Each entry is to be repeated word for word, and the images are to be dropped.
[[ MATERIAL FOR THIS EXERCISE open ]]
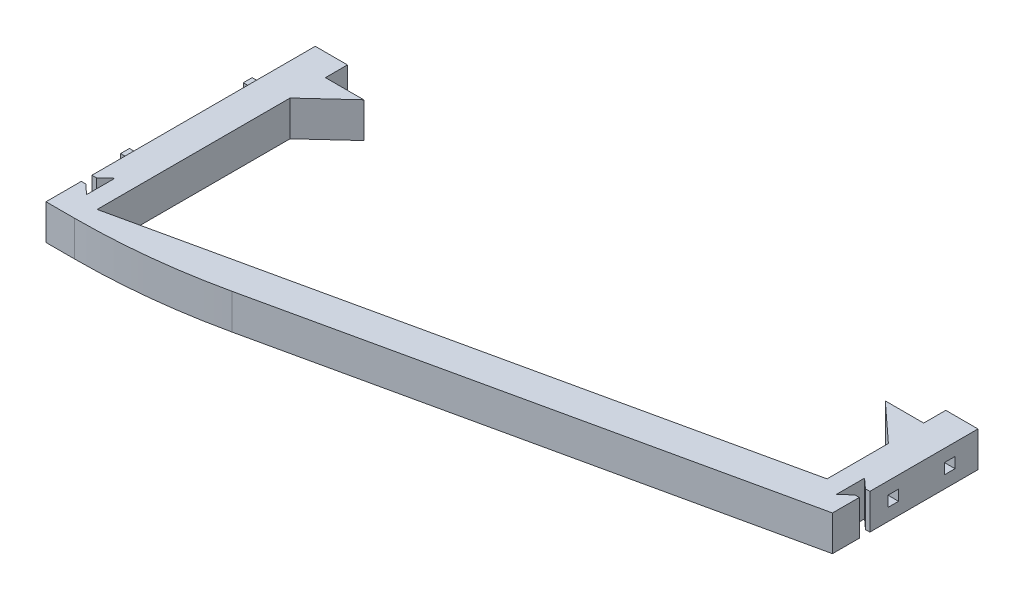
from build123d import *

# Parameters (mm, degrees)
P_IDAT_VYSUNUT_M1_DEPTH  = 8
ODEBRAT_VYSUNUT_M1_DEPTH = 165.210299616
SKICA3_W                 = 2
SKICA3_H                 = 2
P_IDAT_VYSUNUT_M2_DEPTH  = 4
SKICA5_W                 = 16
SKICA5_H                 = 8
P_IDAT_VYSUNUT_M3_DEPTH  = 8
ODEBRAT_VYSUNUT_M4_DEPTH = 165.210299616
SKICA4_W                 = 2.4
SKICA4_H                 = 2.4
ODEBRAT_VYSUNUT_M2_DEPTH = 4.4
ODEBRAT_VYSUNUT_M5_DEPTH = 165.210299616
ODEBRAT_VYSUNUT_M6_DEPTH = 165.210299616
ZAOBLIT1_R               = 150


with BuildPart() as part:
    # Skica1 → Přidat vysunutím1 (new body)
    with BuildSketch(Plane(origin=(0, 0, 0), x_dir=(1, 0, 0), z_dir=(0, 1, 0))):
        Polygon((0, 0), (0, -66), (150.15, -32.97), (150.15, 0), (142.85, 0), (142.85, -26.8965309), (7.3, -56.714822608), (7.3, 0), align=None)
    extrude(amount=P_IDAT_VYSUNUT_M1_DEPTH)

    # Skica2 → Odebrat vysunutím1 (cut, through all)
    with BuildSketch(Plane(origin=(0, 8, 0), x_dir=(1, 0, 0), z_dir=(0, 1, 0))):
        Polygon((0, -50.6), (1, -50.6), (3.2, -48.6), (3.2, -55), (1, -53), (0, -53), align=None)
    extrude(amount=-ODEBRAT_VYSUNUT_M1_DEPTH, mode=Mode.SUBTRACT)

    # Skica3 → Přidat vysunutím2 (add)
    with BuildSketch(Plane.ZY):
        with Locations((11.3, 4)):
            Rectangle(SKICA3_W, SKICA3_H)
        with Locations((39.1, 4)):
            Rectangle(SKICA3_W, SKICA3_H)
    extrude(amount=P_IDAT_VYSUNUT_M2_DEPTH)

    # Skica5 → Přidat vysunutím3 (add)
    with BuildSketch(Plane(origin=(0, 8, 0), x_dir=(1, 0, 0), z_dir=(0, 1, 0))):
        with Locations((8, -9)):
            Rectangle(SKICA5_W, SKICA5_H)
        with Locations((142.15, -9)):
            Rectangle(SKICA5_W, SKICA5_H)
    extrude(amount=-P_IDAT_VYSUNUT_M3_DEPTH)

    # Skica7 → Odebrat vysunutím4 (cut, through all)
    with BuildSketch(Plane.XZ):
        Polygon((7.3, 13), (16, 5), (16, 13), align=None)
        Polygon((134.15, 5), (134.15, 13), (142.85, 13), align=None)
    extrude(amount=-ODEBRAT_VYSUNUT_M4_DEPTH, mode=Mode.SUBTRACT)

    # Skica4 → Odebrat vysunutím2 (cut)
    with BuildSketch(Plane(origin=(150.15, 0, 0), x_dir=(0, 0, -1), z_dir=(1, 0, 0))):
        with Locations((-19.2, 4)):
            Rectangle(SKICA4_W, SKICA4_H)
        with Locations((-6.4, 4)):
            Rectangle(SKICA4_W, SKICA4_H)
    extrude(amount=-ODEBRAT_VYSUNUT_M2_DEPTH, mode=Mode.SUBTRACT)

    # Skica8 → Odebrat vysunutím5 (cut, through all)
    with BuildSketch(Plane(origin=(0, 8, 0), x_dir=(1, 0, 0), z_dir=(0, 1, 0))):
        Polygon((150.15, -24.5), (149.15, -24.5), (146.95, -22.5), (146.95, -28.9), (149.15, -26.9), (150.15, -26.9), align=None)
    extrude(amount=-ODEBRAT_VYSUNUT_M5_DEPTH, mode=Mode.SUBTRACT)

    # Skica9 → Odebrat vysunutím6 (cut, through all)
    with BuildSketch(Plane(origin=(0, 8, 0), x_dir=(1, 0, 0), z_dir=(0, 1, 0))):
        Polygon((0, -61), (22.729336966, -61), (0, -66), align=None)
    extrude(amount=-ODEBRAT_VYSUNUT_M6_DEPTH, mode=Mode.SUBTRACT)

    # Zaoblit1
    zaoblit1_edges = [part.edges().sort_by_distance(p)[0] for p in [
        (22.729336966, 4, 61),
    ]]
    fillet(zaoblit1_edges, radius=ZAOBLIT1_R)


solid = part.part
[[ MATERIAL FOR THIS EXERCISE closed ]]
* [WRITTEN SOLUTION]:
from build123d import *

# Parameters (mm, degrees)
P_IDAT_VYSUNUT_M1_DEPTH  = 8
ODEBRAT_VYSUNUT_M1_DEPTH = 165.210299616
SKICA3_W                 = 2
SKICA3_H                 = 2
P_IDAT_VYSUNUT_M2_DEPTH  = 4
SKICA5_W                 = 16
SKICA5_H                 = 8
P_IDAT_VYSUNUT_M3_DEPTH  = 8
ODEBRAT_VYSUNUT_M4_DEPTH = 165.210299616
SKICA4_W                 = 2.4
SKICA4_H                 = 2.4
ODEBRAT_VYSUNUT_M2_DEPTH = 4.4
ODEBRAT_VYSUNUT_M5_DEPTH = 165.210299616
ODEBRAT_VYSUNUT_M6_DEPTH = 165.210299616
ZAOBLIT1_R               = 150


with BuildPart() as part:
    # Skica1 → Přidat vysunutím1 (new body)
    with BuildSketch(Plane(origin=(0, 0, 0), x_dir=(1, 0, 0), z_dir=(0, 1, 0))):
        Polygon((0, 0), (0, -66), (150.15, -32.97), (150.15, 0), (142.85, 0), (142.85, -26.8965309), (7.3, -56.714822608), (7.3, 0), align=None)
    extrude(amount=P_IDAT_VYSUNUT_M1_DEPTH)

    # Skica2 → Odebrat vysunutím1 (cut, through all)
    with BuildSketch(Plane(origin=(0, 8, 0), x_dir=(1, 0, 0), z_dir=(0, 1, 0))):
        Polygon((0, -50.6), (1, -50.6), (3.2, -48.6), (3.2, -55), (1, -53), (0, -53), align=None)
    extrude(amount=-ODEBRAT_VYSUNUT_M1_DEPTH, mode=Mode.SUBTRACT)

    # Skica3 → Přidat vysunutím2 (add)
    with BuildSketch(Plane.ZY):
        with Locations((11.3, 4)):
            Rectangle(SKICA3_W, SKICA3_H)
        with Locations((39.1, 4)):
            Rectangle(SKICA3_W, SKICA3_H)
    extrude(amount=P_IDAT_VYSUNUT_M2_DEPTH)

    # Skica5 → Přidat vysunutím3 (add)
    with BuildSketch(Plane(origin=(0, 8, 0), x_dir=(1, 0, 0), z_dir=(0, 1, 0))):
        with Locations((8, -9)):
            Rectangle(SKICA5_W, SKICA5_H)
        with Locations((142.15, -9)):
            Rectangle(SKICA5_W, SKICA5_H)
    extrude(amount=-P_IDAT_VYSUNUT_M3_DEPTH)

    # Skica7 → Odebrat vysunutím4 (cut, through all)
    with BuildSketch(Plane.XZ):
        Polygon((7.3, 13), (16, 5), (16, 13), align=None)
        Polygon((134.15, 5), (134.15, 13), (142.85, 13), align=None)
    extrude(amount=-ODEBRAT_VYSUNUT_M4_DEPTH, mode=Mode.SUBTRACT)

    # Skica4 → Odebrat vysunutím2 (cut)
    with BuildSketch(Plane(origin=(150.15, 0, 0), x_dir=(0, 0, -1), z_dir=(1, 0, 0))):
        with Locations((-19.2, 4)):
            Rectangle(SKICA4_W, SKICA4_H)
        with Locations((-6.4, 4)):
            Rectangle(SKICA4_W, SKICA4_H)
    extrude(amount=-ODEBRAT_VYSUNUT_M2_DEPTH, mode=Mode.SUBTRACT)

    # Skica8 → Odebrat vysunutím5 (cut, through all)
    with BuildSketch(Plane(origin=(0, 8, 0), x_dir=(1, 0, 0), z_dir=(0, 1, 0))):
        Polygon((150.15, -24.5), (149.15, -24.5), (146.95, -22.5), (146.95, -28.9), (149.15, -26.9), (150.15, -26.9), align=None)
    extrude(amount=-ODEBRAT_VYSUNUT_M5_DEPTH, mode=Mode.SUBTRACT)

    # Skica9 → Odebrat vysunutím6 (cut, through all)
    with BuildSketch(Plane(origin=(0, 8, 0), x_dir=(1, 0, 0), z_dir=(0, 1, 0))):
        Polygon((0, -61), (22.729336966, -61), (0, -66), align=None)
    extrude(amount=-ODEBRAT_VYSUNUT_M6_DEPTH, mode=Mode.SUBTRACT)

    # Zaoblit1
    zaoblit1_edges = [part.edges().sort_by_distance(p)[0] for p in [
        (22.729336966, 4, 61),
    ]]
    fillet(zaoblit1_edges, radius=ZAOBLIT1_R)


solid = part.part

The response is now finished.